SAS soldiers regularly flouted rules requiring them to wear safety restraints on combat helicopter flights, an inquest heard.
Investigations into the 2007 Puma crash in Iraq that killed Sgt John Battersby and Tpr Lee Fitzsimmons found that soldiers and aircrew involved in the ill-fated mission had not been given an official letter of dispensation to do without seat restraints - as regulation required.
In evidence, the inquest heard that those soldiers and aircrew only ever worked under an assumption that dispensation was in place given the nature of the operations they were tasked to.

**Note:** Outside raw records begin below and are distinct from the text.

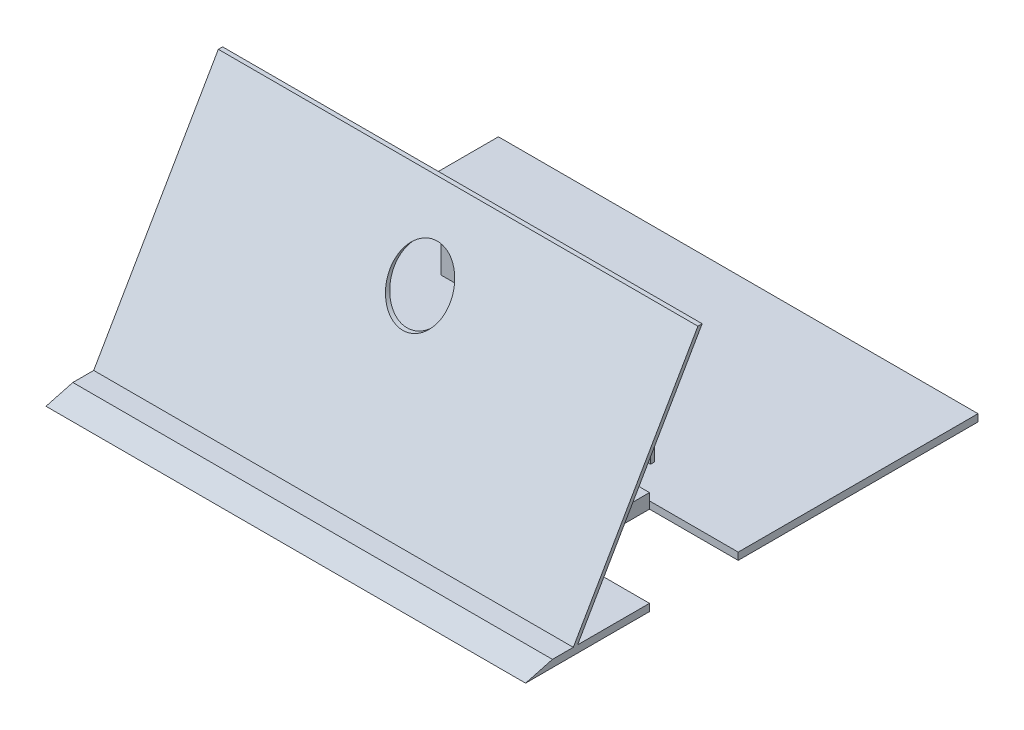
ISO-10303-21;
HEADER;
FILE_DESCRIPTION(('STEP AP214'),'2;1');
FILE_NAME('part.step','',(''),(''),'','','');
FILE_SCHEMA(('AUTOMOTIVE_DESIGN { 1 0 10303 214 1 1 1 1 }'));
ENDSEC;
DATA;
#1=APPLICATION_CONTEXT('core data for automotive mechanical design processes');
#2=APPLICATION_PROTOCOL_DEFINITION('international standard','automotive_design',2000,#1);
#3=PRODUCT_CONTEXT('',#1,'mechanical');
#4=PRODUCT('Part','Part','',(#3));
#5=PRODUCT_RELATED_PRODUCT_CATEGORY('part','',(#4));
#6=PRODUCT_DEFINITION_FORMATION('','',#4);
#7=PRODUCT_DEFINITION_CONTEXT('part definition',#1,'design');
#8=PRODUCT_DEFINITION('design','',#6,#7);
#9=PRODUCT_DEFINITION_SHAPE('','',#8);
#10=(LENGTH_UNIT() NAMED_UNIT(*) SI_UNIT(.MILLI.,.METRE.));
#11=(NAMED_UNIT(*) PLANE_ANGLE_UNIT() SI_UNIT($,.RADIAN.));
#12=(NAMED_UNIT(*) SI_UNIT($,.STERADIAN.) SOLID_ANGLE_UNIT());
#13=UNCERTAINTY_MEASURE_WITH_UNIT(LENGTH_MEASURE(1.E-05),#10,'distance_accuracy_value','');
#14=(GEOMETRIC_REPRESENTATION_CONTEXT(3) GLOBAL_UNCERTAINTY_ASSIGNED_CONTEXT((#13)) GLOBAL_UNIT_ASSIGNED_CONTEXT((#10,
#11,#12)) REPRESENTATION_CONTEXT('',''));
#15=CARTESIAN_POINT('',(0.,0.,0.));
#16=DIRECTION('',(0.,0.,1.));
#17=DIRECTION('',(1.,0.,0.));
#18=AXIS2_PLACEMENT_3D('',#15,#16,#17);
#19=CARTESIAN_POINT('',(50.,52.54,88.6741950797057));
#20=DIRECTION('',(0.,-1.,0.));
#21=DIRECTION('',(0.,0.,-1.));
#22=AXIS2_PLACEMENT_3D('',#19,#20,#21);
#23=PLANE('',#22);
#24=DIRECTION('',(0.,0.,-1.));
#25=VECTOR('',#24,1.);
#26=CARTESIAN_POINT('',(-49.9693576976457,52.54,88.6741950797057));
#27=LINE('',#26,#25);
#28=CARTESIAN_POINT('',(-49.9693576976457,52.54,38.3958714922409));
#29=VERTEX_POINT('',#28);
#30=CARTESIAN_POINT('',(-49.9693576976457,52.5399999999999,35.));
#31=VERTEX_POINT('',#30);
#32=EDGE_CURVE('E338',#29,#31,#27,.T.);
#33=ORIENTED_EDGE('',*,*,#32,.F.);
#34=DIRECTION('',(1.,0.,0.));
#35=VECTOR('',#34,1.);
#36=CARTESIAN_POINT('',(50.,52.54,38.3958714922409));
#37=LINE('',#36,#35);
#38=CARTESIAN_POINT('',(50.,52.54,38.3958714922409));
#39=VERTEX_POINT('',#38);
#40=EDGE_CURVE('E351',#29,#39,#37,.T.);
#41=ORIENTED_EDGE('',*,*,#40,.T.);
#42=DIRECTION('',(0.,0.,-1.));
#43=VECTOR('',#42,1.);
#44=CARTESIAN_POINT('',(50.,52.54,88.6741950797057));
#45=LINE('',#44,#43);
#46=CARTESIAN_POINT('',(50.,52.54,-15.));
#47=VERTEX_POINT('',#46);
#48=EDGE_CURVE('E342',#39,#47,#45,.T.);
#49=ORIENTED_EDGE('',*,*,#48,.T.);
#50=DIRECTION('',(-1.,0.,0.));
#51=VECTOR('',#50,1.);
#52=CARTESIAN_POINT('',(50.,52.54,-15.));
#53=LINE('',#52,#51);
#54=CARTESIAN_POINT('',(-50.,52.5399999999999,-15.));
#55=VERTEX_POINT('',#54);
#56=EDGE_CURVE('E303',#47,#55,#53,.T.);
#57=ORIENTED_EDGE('',*,*,#56,.T.);
#58=DIRECTION('',(0.,0.,1.));
#59=VECTOR('',#58,1.);
#60=CARTESIAN_POINT('',(-50.,52.5399999999999,-15.));
#61=LINE('',#60,#59);
#62=CARTESIAN_POINT('',(-50.,52.5399999999999,35.));
#63=VERTEX_POINT('',#62);
#64=EDGE_CURVE('E311',#55,#63,#61,.T.);
#65=ORIENTED_EDGE('',*,*,#64,.T.);
#66=DIRECTION('',(-1.,0.,0.));
#67=VECTOR('',#66,1.);
#68=CARTESIAN_POINT('',(50.,52.54,35.));
#69=LINE('',#68,#67);
#70=EDGE_CURVE('E280',#31,#63,#69,.T.);
#71=ORIENTED_EDGE('',*,*,#70,.F.);
#72=EDGE_LOOP('',(#33,#41,#49,#57,#65,#71));
#73=FACE_BOUND('',#72,.T.);
#74=DIRECTION('',(0.,0.,1.));
#75=VECTOR('',#74,1.);
#76=CARTESIAN_POINT('',(-12.5,52.54,10.));
#77=LINE('',#76,#75);
#78=CARTESIAN_POINT('',(-12.5,52.54,10.));
#79=VERTEX_POINT('',#78);
#80=CARTESIAN_POINT('',(-12.5,52.54,11.45));
#81=VERTEX_POINT('',#80);
#82=EDGE_CURVE('E264',#79,#81,#77,.T.);
#83=ORIENTED_EDGE('',*,*,#82,.F.);
#84=DIRECTION('',(-1.,0.,0.));
#85=VECTOR('',#84,1.);
#86=CARTESIAN_POINT('',(-12.5,52.54,10.));
#87=LINE('',#86,#85);
#88=CARTESIAN_POINT('',(12.5,52.54,10.));
#89=VERTEX_POINT('',#88);
#90=EDGE_CURVE('E261',#89,#79,#87,.T.);
#91=ORIENTED_EDGE('',*,*,#90,.F.);
#92=DIRECTION('',(0.,0.,-1.));
#93=VECTOR('',#92,1.);
#94=CARTESIAN_POINT('',(12.5,52.54,10.));
#95=LINE('',#94,#93);
#96=CARTESIAN_POINT('',(12.5,52.54,11.45));
#97=VERTEX_POINT('',#96);
#98=EDGE_CURVE('E65',#97,#89,#95,.T.);
#99=ORIENTED_EDGE('',*,*,#98,.F.);
#100=DIRECTION('',(1.,0.,0.));
#101=VECTOR('',#100,1.);
#102=CARTESIAN_POINT('',(-12.5,52.54,11.45));
#103=LINE('',#102,#101);
#104=EDGE_CURVE('E60',#81,#97,#103,.T.);
#105=ORIENTED_EDGE('',*,*,#104,.F.);
#106=EDGE_LOOP('',(#83,#91,#99,#105));
#107=FACE_BOUND('',#106,.T.);
#108=ADVANCED_FACE('F43',(#73,#107),#23,.F.);
#109=CARTESIAN_POINT('',(100.,2.99999999999999,0.));
#110=DIRECTION('',(0.,-1.,0.));
#111=DIRECTION('',(0.,0.,-1.));
#112=AXIS2_PLACEMENT_3D('',#109,#110,#111);
#113=PLANE('',#112);
#114=DIRECTION('',(-1.,0.,0.));
#115=VECTOR('',#114,1.);
#116=CARTESIAN_POINT('',(63.,2.99999999999999,0.));
#117=LINE('',#116,#115);
#118=CARTESIAN_POINT('',(63.,2.99999999999999,0.));
#119=VERTEX_POINT('',#118);
#120=CARTESIAN_POINT('',(-63.669935473827,2.99999999999999,0.));
#121=VERTEX_POINT('',#120);
#122=EDGE_CURVE('E358',#119,#121,#117,.T.);
#123=ORIENTED_EDGE('',*,*,#122,.F.);
#124=DIRECTION('',(-1.,0.,0.));
#125=VECTOR('',#124,1.);
#126=CARTESIAN_POINT('',(100.,2.99999999999999,0.));
#127=LINE('',#126,#125);
#128=CARTESIAN_POINT('',(100.,2.99999999999999,0.));
#129=VERTEX_POINT('',#128);
#130=EDGE_CURVE('E406',#129,#119,#127,.T.);
#131=ORIENTED_EDGE('',*,*,#130,.F.);
#132=DIRECTION('',(0.,0.,1.));
#133=VECTOR('',#132,1.);
#134=CARTESIAN_POINT('',(100.,2.99999999999999,0.));
#135=LINE('',#134,#133);
#136=CARTESIAN_POINT('',(100.,3.,-100.));
#137=VERTEX_POINT('',#136);
#138=EDGE_CURVE('E495',#137,#129,#135,.T.);
#139=ORIENTED_EDGE('',*,*,#138,.F.);
#140=DIRECTION('',(-1.,0.,0.));
#141=VECTOR('',#140,1.);
#142=CARTESIAN_POINT('',(100.,3.,-100.));
#143=LINE('',#142,#141);
#144=CARTESIAN_POINT('',(-100.,3.,-100.));
#145=VERTEX_POINT('',#144);
#146=EDGE_CURVE('E536',#137,#145,#143,.T.);
#147=ORIENTED_EDGE('',*,*,#146,.T.);
#148=DIRECTION('',(0.,0.,1.));
#149=VECTOR('',#148,1.);
#150=CARTESIAN_POINT('',(-100.,2.99999999999999,0.));
#151=LINE('',#150,#149);
#152=CARTESIAN_POINT('',(-100.,2.99999999999999,0.));
#153=VERTEX_POINT('',#152);
#154=EDGE_CURVE('E513',#145,#153,#151,.T.);
#155=ORIENTED_EDGE('',*,*,#154,.T.);
#156=DIRECTION('',(-1.,0.,0.));
#157=VECTOR('',#156,1.);
#158=CARTESIAN_POINT('',(-100.669935473827,2.99999999999999,0.));
#159=LINE('',#158,#157);
#160=EDGE_CURVE('E433',#121,#153,#159,.T.);
#161=ORIENTED_EDGE('',*,*,#160,.F.);
#162=EDGE_LOOP('',(#123,#131,#139,#147,#155,#161));
#163=FACE_BOUND('',#162,.T.);
#164=DIRECTION('',(0.,0.,1.));
#165=VECTOR('',#164,1.);
#166=CARTESIAN_POINT('',(50.,2.99999999999999,-15.));
#167=LINE('',#166,#165);
#168=CARTESIAN_POINT('',(50.,2.99999999999999,-15.));
#169=VERTEX_POINT('',#168);
#170=CARTESIAN_POINT('',(50.,2.99999999999999,-13.46));
#171=VERTEX_POINT('',#170);
#172=EDGE_CURVE('E270',#169,#171,#167,.T.);
#173=ORIENTED_EDGE('',*,*,#172,.T.);
#174=DIRECTION('',(-1.,0.,0.));
#175=VECTOR('',#174,1.);
#176=CARTESIAN_POINT('',(-50.,2.99999999999999,-13.46));
#177=LINE('',#176,#175);
#178=CARTESIAN_POINT('',(-50.,2.99999999999999,-13.46));
#179=VERTEX_POINT('',#178);
#180=EDGE_CURVE('E266',#171,#179,#177,.T.);
#181=ORIENTED_EDGE('',*,*,#180,.T.);
#182=DIRECTION('',(0.,0.,-1.));
#183=VECTOR('',#182,1.);
#184=CARTESIAN_POINT('',(-50.,2.99999999999999,-15.));
#185=LINE('',#184,#183);
#186=CARTESIAN_POINT('',(-50.,2.99999999999999,-15.));
#187=VERTEX_POINT('',#186);
#188=EDGE_CURVE('E286',#179,#187,#185,.T.);
#189=ORIENTED_EDGE('',*,*,#188,.T.);
#190=DIRECTION('',(1.,0.,0.));
#191=VECTOR('',#190,1.);
#192=CARTESIAN_POINT('',(-50.,2.99999999999999,-15.));
#193=LINE('',#192,#191);
#194=EDGE_CURVE('E293',#187,#169,#193,.T.);
#195=ORIENTED_EDGE('',*,*,#194,.T.);
#196=EDGE_LOOP('',(#173,#181,#189,#195));
#197=FACE_BOUND('',#196,.T.);
#198=ADVANCED_FACE('F587',(#163,#197),#113,.F.);
#199=CARTESIAN_POINT('',(50.,51.,88.6741950797057));
#200=DIRECTION('',(0.,1.,0.));
#201=DIRECTION('',(0.,0.,1.));
#202=AXIS2_PLACEMENT_3D('',#199,#200,#201);
#203=PLANE('',#202);
#204=DIRECTION('',(-1.,0.,0.));
#205=VECTOR('',#204,1.);
#206=CARTESIAN_POINT('',(-50.,51.,-13.46));
#207=LINE('',#206,#205);
#208=CARTESIAN_POINT('',(50.,51.,-13.46));
#209=VERTEX_POINT('',#208);
#210=CARTESIAN_POINT('',(-50.,51.,-13.46));
#211=VERTEX_POINT('',#210);
#212=EDGE_CURVE('E276',#209,#211,#207,.T.);
#213=ORIENTED_EDGE('',*,*,#212,.F.);
#214=DIRECTION('',(0.,0.,-1.));
#215=VECTOR('',#214,1.);
#216=CARTESIAN_POINT('',(50.,51.,88.6741950797057));
#217=LINE('',#216,#215);
#218=CARTESIAN_POINT('',(50.,51.,39.284990906793));
#219=VERTEX_POINT('',#218);
#220=EDGE_CURVE('E330',#219,#209,#217,.T.);
#221=ORIENTED_EDGE('',*,*,#220,.F.);
#222=DIRECTION('',(-1.,0.,0.));
#223=VECTOR('',#222,1.);
#224=CARTESIAN_POINT('',(50.,51.,39.284990906793));
#225=LINE('',#224,#223);
#226=CARTESIAN_POINT('',(-49.9693576976457,51.,39.284990906793));
#227=VERTEX_POINT('',#226);
#228=EDGE_CURVE('E345',#219,#227,#225,.T.);
#229=ORIENTED_EDGE('',*,*,#228,.T.);
#230=DIRECTION('',(0.,0.,-1.));
#231=VECTOR('',#230,1.);
#232=CARTESIAN_POINT('',(-49.9693576976457,51.,88.6741950797057));
#233=LINE('',#232,#231);
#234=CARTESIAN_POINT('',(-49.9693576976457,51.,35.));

Earlier evidence outlined how the restraints did not fit around the kit the soldiers carried and hampered the fast exits they needed to make.
Accounts of the crash itself told how badly the soldiers on board the stricken Puma had been thrown around as it struck the ground and flipped onto its side before catching fire.
In evidence, Group Captain Mark Brown, who headed an RAF inquiry into the crash, saluted the subsequent rescue effort made by the surviving soldiers, some of whom were seriously injured themselves.
"I was humbled by the bravery (of these men) in continuing to go back into a burning aircraft - with explosives and ammunition on board," said Group Captain Brown.
Earlier evidence told how the survivors had to be ordered away from their rescue effort seconds before the Puma exploded.